Anyone fish the Surfside surf Saturday ? thinking about making the early morning drive tomorrow from Kingwood.


----------



## artys_only (Mar 29, 2005)

The. Fish are there . Go fish ! I am tommarow.


----------



## Doublegprostaff (Oct 21, 2014)

Fished this mornin. Caught a couple right at 15 that were released, kept a 17 and a 22 in smack.


----------



## BretE (Jan 24, 2008)

I was obviously in the wrong spot.....


----------



## cobra_steven (Jun 2, 2010)

They were Def there yesterday morning...


----------



## BretE (Jan 24, 2008)

cobra_steven said:


> They were Def there yesterday morning...


Yep, longer version.........got a report from a friend who caught an easy limit with an 8lb'er in the mix. Caught in the first gut. There's an area in Surfside where the beach drops off dramatically and the first gut is deep. Wife and I hit it this morning, stopped on the way and she grabbed a dozen croaker. She fished for awhile, nothing, got bored and hit the lounge chair for some sun. I kept on grinding throwing a margarita sand eel and pink Soft Dine XL. Nothing??? As we were leaving a family walked down to where we were packing up and asked how it went. After my dismal report they said yeah, they were catching one after another until about 7pm when it completely shut down. Said their kids were catching them on frozen shrimp chunks, didn't matter what you threw......lol......another "should been here yesterday".....


----------



## Doublegprostaff (Oct 21, 2014)

The place I tried today wasn't far from where unusually fish SS but the gut between the first and second bar was DEEP, I'm 6'4" and the water was almost to my shoulders.


----------



## BretE (Jan 24, 2008)

You may have been close to me. I grew up here, spent my summers on the beach(not fishing...) and never noticed or knew about this area.......


----------



## Doublegprostaff (Oct 21, 2014)

I'll be back down on Tuesday


----------



## BretE (Jan 24, 2008)

Doublegprostaff said:


> I'll be back down on Tuesday


Good luck, I'm headed to do a little bass fishing this afternoon. Not sure where I'm fishing in the morning. My wife isn't a big surf fishing fan, I was hoping to get her on some nice trout this morning!.....


----------



## Surf Rodder (Jun 28, 2013)

I was at access road 4 for 5 hours 8-1:10pm. Winds shifted to ENE and got very breezy. Surf came up immediately. Heavy current, left to right, and waves coming in at an angle. Off-colored water all day. The closer I got to SLP, the cleaner it looked, but sandy-brown on into Galvez. I do not wade fish but surf rods only. No big takers, one Bonnethead (small) and a huge Gafttop. Yakked two big baits out 220 yards. Current was something else. Got dumped coming in because I paddled straight towards the beach rather than at the angle the waves were coming in. Live & learn.


----------



## Billygoat (Feb 1, 2013)

Fished today between access 5-6. 5 keeper trout, lost the same amount trying to net them... Need to work on my technique. Threw back probably a dozen undersized trout along with a hand full of small sand trout. Had a crab trap in the wade gut with salmon guts/bones for bait, which got me 6 crabs.

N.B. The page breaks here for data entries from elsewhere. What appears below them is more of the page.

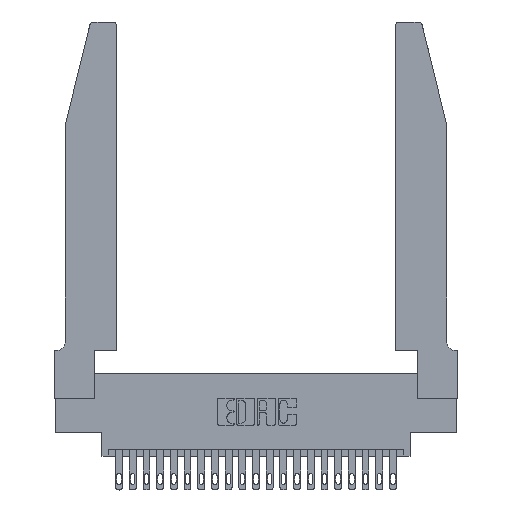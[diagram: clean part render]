
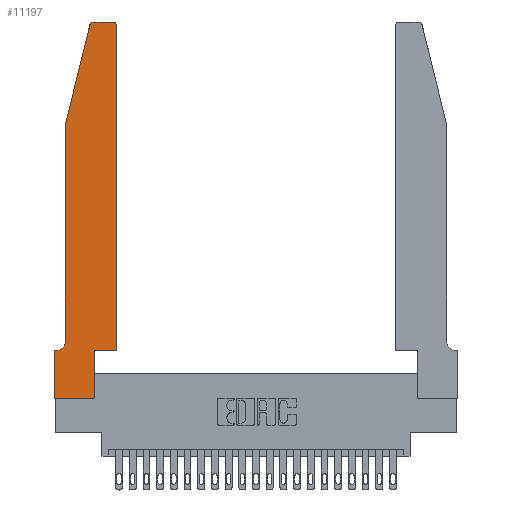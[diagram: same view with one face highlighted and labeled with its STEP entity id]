
A CAD part, top view. The second image highlights one B-rep face of the part: STEP entity #11197.
In plain terms, the highlighted planar face has unit normal (0, 0, 1).
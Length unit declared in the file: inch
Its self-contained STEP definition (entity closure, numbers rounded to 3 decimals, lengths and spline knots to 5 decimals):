
#102 = VERTEX_POINT ( 'NONE', #1014 ) ;
#108 = LINE ( 'NONE', #196, #4500 ) ;
#196 = CARTESIAN_POINT ( 'NONE',  ( 0., 0., 0.37 ) ) ;
#645 = CARTESIAN_POINT ( 'NONE',  ( 0.0755, 2., 0.37 ) ) ;
#779 = CARTESIAN_POINT ( 'NONE',  ( 0.0755, 0.35, 0.37 ) ) ;
#883 = ORIENTED_EDGE ( 'NONE', *, *, #15326, .T. ) ;
#1014 = CARTESIAN_POINT ( 'NONE',  ( 0.4505, 0.35, 0.37 ) ) ;
#1518 = LINE ( 'NONE', #8633, #5910 ) ;
#2011 = ORIENTED_EDGE ( 'NONE', *, *, #4414, .T. ) ;
#2047 = VERTEX_POINT ( 'NONE', #9590 ) ;
#2187 = DIRECTION ( 'NONE',  ( 0., 1., 0. ) ) ;
#2310 = DIRECTION ( 'NONE',  ( 1., 0., 0. ) ) ;
#2548 = EDGE_CURVE ( 'NONE', #22759, #2644, #18031, .T. ) ;
#2644 = VERTEX_POINT ( 'NONE', #15200 ) ;
#3143 = EDGE_CURVE ( 'NONE', #14894, #21636, #8976, .T. ) ;
#3153 = VECTOR ( 'NONE', #22816, 39.37008 ) ;
#3585 = DIRECTION ( 'NONE',  ( 1., 0., 0. ) ) ;
#3881 = DIRECTION ( 'NONE',  ( 1., 0., 0. ) ) ;
#3992 = DIRECTION ( 'NONE',  ( -1., 0., 0. ) ) ;
#4081 = ORIENTED_EDGE ( 'NONE', *, *, #3143, .T. ) ;
#4106 = VECTOR ( 'NONE', #17137, 39.37008 ) ;
#4232 = DIRECTION ( 'NONE',  ( 1., 0., 0. ) ) ;
#4300 = VECTOR ( 'NONE', #12424, 39.37008 ) ;
#4414 = EDGE_CURVE ( 'NONE', #102, #20330, #9761, .T. ) ;
#4500 = VECTOR ( 'NONE', #3881, 39.37008 ) ;
#4698 = CIRCLE ( 'NONE', #21177, 0.03 ) ;
#4719 = CARTESIAN_POINT ( 'NONE',  ( 0.0755, 2., 0.37 ) ) ;
#5187 = CARTESIAN_POINT ( 'NONE',  ( 0.284, 2.75, 0.37 ) ) ;
#5476 = ORIENTED_EDGE ( 'NONE', *, *, #13735, .T. ) ;
#5813 = CIRCLE ( 'NONE', #7206, 0.03 ) ;
#5910 = VECTOR ( 'NONE', #23127, 39.37008 ) ;
#6024 = ORIENTED_EDGE ( 'NONE', *, *, #11607, .T. ) ;
#6228 = ORIENTED_EDGE ( 'NONE', *, *, #9373, .T. ) ;
#6394 = VERTEX_POINT ( 'NONE', #12414 ) ;
#6954 = PLANE ( 'NONE',  #15705 ) ;
#7206 = AXIS2_PLACEMENT_3D ( 'NONE', #12866, #14632, #3585 ) ;
#7794 = CARTESIAN_POINT ( 'NONE',  ( 0.4505, 0.35, 0.37 ) ) ;
#7969 = DIRECTION ( 'NONE',  ( 1., 0., 0. ) ) ;
#8630 = ORIENTED_EDGE ( 'NONE', *, *, #2548, .T. ) ;
#8633 = CARTESIAN_POINT ( 'NONE',  ( 0.2865, 0.35, 0.37 ) ) ;
#8976 = LINE ( 'NONE', #15993, #4300 ) ;
#9373 = EDGE_CURVE ( 'NONE', #6394, #23592, #108, .T. ) ;
#9546 = EDGE_CURVE ( 'NONE', #11455, #102, #17581, .T. ) ;
#9590 = CARTESIAN_POINT ( 'NONE',  ( 0.25487, 2.72718, 0.37 ) ) ;
#9637 = CARTESIAN_POINT ( 'NONE',  ( 0.4205, 2.75, 0.37 ) ) ;
#9761 = LINE ( 'NONE', #15536, #17064 ) ;
#10223 = LINE ( 'NONE', #779, #4106 ) ;
#10628 = CARTESIAN_POINT ( 'NONE',  ( 0.0755, 2., 0.37 ) ) ;
#10629 = EDGE_CURVE ( 'NONE', #21636, #2047, #4698, .T. ) ;
#11197 = ADVANCED_FACE ( 'NONE', ( #13133 ), #6954, .T. ) ;
#11455 = VERTEX_POINT ( 'NONE', #23571 ) ;
#11607 = EDGE_CURVE ( 'NONE', #20569, #16067, #10223, .T. ) ;
#11899 = ORIENTED_EDGE ( 'NONE', *, *, #9546, .T. ) ;
#12058 = DIRECTION ( 'NONE',  ( 0., 0., 1. ) ) ;
#12167 = AXIS2_PLACEMENT_3D ( 'NONE', #16784, #20734, #3992 ) ;
#12212 = VECTOR ( 'NONE', #14900, 39.37008 ) ;
#12231 = CARTESIAN_POINT ( 'NONE',  ( 0., 0., 0.37 ) ) ;
#12414 = CARTESIAN_POINT ( 'NONE',  ( 0., 0., 0.37 ) ) ;
#12424 = DIRECTION ( 'NONE',  ( -1., 0., 0. ) ) ;
#12866 = CARTESIAN_POINT ( 'NONE',  ( 0.4205, 2.72, 0.37 ) ) ;
#12978 = CARTESIAN_POINT ( 'NONE',  ( 0., 0.35, 0.37 ) ) ;
#13058 = VECTOR ( 'NONE', #23485, 39.37008 ) ;
#13117 = CARTESIAN_POINT ( 'NONE',  ( 0.0055, 0.35, 0.37 ) ) ;
#13133 = FACE_OUTER_BOUND ( 'NONE', #22894, .T. ) ;
#13735 = EDGE_CURVE ( 'NONE', #2644, #20569, #23691, .T. ) ;
#13775 = EDGE_CURVE ( 'NONE', #23592, #11455, #1518, .T. ) ;
#14632 = DIRECTION ( 'NONE',  ( 0., 0., 1. ) ) ;
#14826 = CARTESIAN_POINT ( 'NONE',  ( 0.4505, 2.72, 0.37 ) ) ;
#14894 = VERTEX_POINT ( 'NONE', #9637 ) ;
#14900 = DIRECTION ( 'NONE',  ( 0., -1., 0. ) ) ;
#14983 = DIRECTION ( 'NONE',  ( 0., 0., 1. ) ) ;
#15200 = CARTESIAN_POINT ( 'NONE',  ( 0.0755, 0.42, 0.37 ) ) ;
#15326 = EDGE_CURVE ( 'NONE', #20330, #14894, #5813, .T. ) ;
#15536 = CARTESIAN_POINT ( 'NONE',  ( 0.4505, 0.35, 0.37 ) ) ;
#15705 = AXIS2_PLACEMENT_3D ( 'NONE', #23867, #14983, #7969 ) ;
#15993 = CARTESIAN_POINT ( 'NONE',  ( 0.2605, 2.75, 0.37 ) ) ;
#16067 = VERTEX_POINT ( 'NONE', #12978 ) ;
#16575 = EDGE_CURVE ( 'NONE', #16067, #6394, #23264, .T. ) ;
#16784 = CARTESIAN_POINT ( 'NONE',  ( 0.0055, 0.42, 0.37 ) ) ;
#17064 = VECTOR ( 'NONE', #2187, 39.37008 ) ;
#17137 = DIRECTION ( 'NONE',  ( -1., 0., 0. ) ) ;
#17171 = ORIENTED_EDGE ( 'NONE', *, *, #19433, .T. ) ;
#17581 = LINE ( 'NONE', #7794, #22541 ) ;
#18028 = LINE ( 'NONE', #645, #3153 ) ;
#18031 = LINE ( 'NONE', #4719, #12212 ) ;
#19322 = ORIENTED_EDGE ( 'NONE', *, *, #10629, .T. ) ;
#19433 = EDGE_CURVE ( 'NONE', #2047, #22759, #18028, .T. ) ;
#19457 = CARTESIAN_POINT ( 'NONE',  ( 0.284, 2.72, 0.37 ) ) ;
#20207 = CARTESIAN_POINT ( 'NONE',  ( 0.2865, 0., 0.37 ) ) ;
#20330 = VERTEX_POINT ( 'NONE', #14826 ) ;
#20569 = VERTEX_POINT ( 'NONE', #13117 ) ;
#20734 = DIRECTION ( 'NONE',  ( 0., 0., -1. ) ) ;
#20763 = ORIENTED_EDGE ( 'NONE', *, *, #13775, .T. ) ;
#21177 = AXIS2_PLACEMENT_3D ( 'NONE', #19457, #12058, #4232 ) ;
#21636 = VERTEX_POINT ( 'NONE', #5187 ) ;
#22541 = VECTOR ( 'NONE', #2310, 39.37008 ) ;
#22759 = VERTEX_POINT ( 'NONE', #10628 ) ;
#22816 = DIRECTION ( 'NONE',  ( -0.239, -0.971, 0. ) ) ;
#22894 = EDGE_LOOP ( 'NONE', ( #4081, #19322, #17171, #8630, #5476, #6024, #23697, #6228, #20763, #11899, #2011, #883 ) ) ;
#23127 = DIRECTION ( 'NONE',  ( 0., 1., 0. ) ) ;
#23264 = LINE ( 'NONE', #12231, #13058 ) ;
#23485 = DIRECTION ( 'NONE',  ( 0., -1., 0. ) ) ;
#23571 = CARTESIAN_POINT ( 'NONE',  ( 0.2865, 0.35, 0.37 ) ) ;
#23592 = VERTEX_POINT ( 'NONE', #20207 ) ;
#23691 = CIRCLE ( 'NONE', #12167, 0.07 ) ;
#23697 = ORIENTED_EDGE ( 'NONE', *, *, #16575, .T. ) ;
#23867 = CARTESIAN_POINT ( 'NONE',  ( 0., 0.35, 0.37 ) ) ;

By far the best day I've had this year, surf was beautiful til around 9:30-10am, wind/waves picked up and so did the current.


----------



## Doublegprostaff (Oct 21, 2014)

Surf rodder I was west of access 4, did y'all have a blue yak ?


----------



## TAMUscott (Feb 17, 2012)

I guess we all fished next to each other at access 4 because I experienced the same thing. Deeper first and second gut and no trout! I had croaker in the water at 5am and the only thing I caught was a 3ft sharpnose. Ditched the croaker and got a few bumps on silver/gold spoons. Left at 11 because the waves had built too much for me to fish with no action. Saw a guy next to me pull out 10" trout left and right on shrimp.


----------



## Gilbert (May 25, 2004)

Me and my son hit access 5 and we came home with 8 keepers. Was slow and most were caught when a group of birds came by. It went to **** around 9:30ish.


----------



## Surf Rodder (Jun 28, 2013)

Doublegprostaff said:


> Surf rodder I was west of access 4, did y'all have a blue yak ?


I was in a green Prowler, black Dodge._ I _think Surf Hippie red (Ford 4x4)and his bud were north me. Considered tossing a gold spoon but with 5 long lines out felt it best to stay on shore nearer the rods. Frankly, got home after 4, unloaded and cleaned up then thought I'd take a nap. Woke up 20 minutes ago - midnight(nature call)! The currents and the 9 wades out, plus the yak must have worn me out.


----------



## NOCREEK (Jan 18, 2012)

Me and my three girls were about halfway between the cell tower and the condos in a red Tacoma with a green prowler on top and a Texas flag quick shade. Caught trout early on a she dog but like Gilbert's post, it was only when the birds worked by and it ended about 9:30, was able to take home enough for dinner. Put a couple shark rods out but nada. 
What's up with the 2 stoke 4 wheeler mad clan ripping up the beach and dunes Lol! Glad they didn't set up next to us!


Sent from my iPhone using Tapatalk


----------



## iamatt (Aug 28, 2012)

NOCREEK said:


> Me and my three girls were about halfway between the cell tower and the condos in a red Tacoma with a green prowler on top and a Texas flag quick shade. Caught trout early on a she dog but like Gilbert's post, it was only when the birds worked by and it ended about 9:30, was able to take home enough for dinner. Put a couple shark rods out but nada.
> What's up with the 2 stoke 4 wheeler mad clan ripping up the beach and dunes Lol! Glad they didn't set up next to us!
> 
> Sent from my iPhone using Tapatalk


Ran baits all night nada. didn't see any crab on the beach like the other weekend. But surfRodder you sure right about tha current. Wicked out there but got better Sun AM. That moon was pretty crazy coming up but once it was up could see very well. Some huge croaker though. And yeah brosnakes were doing probably 40+ mph on those 4wheeler things. Was waiting for one to wad it up.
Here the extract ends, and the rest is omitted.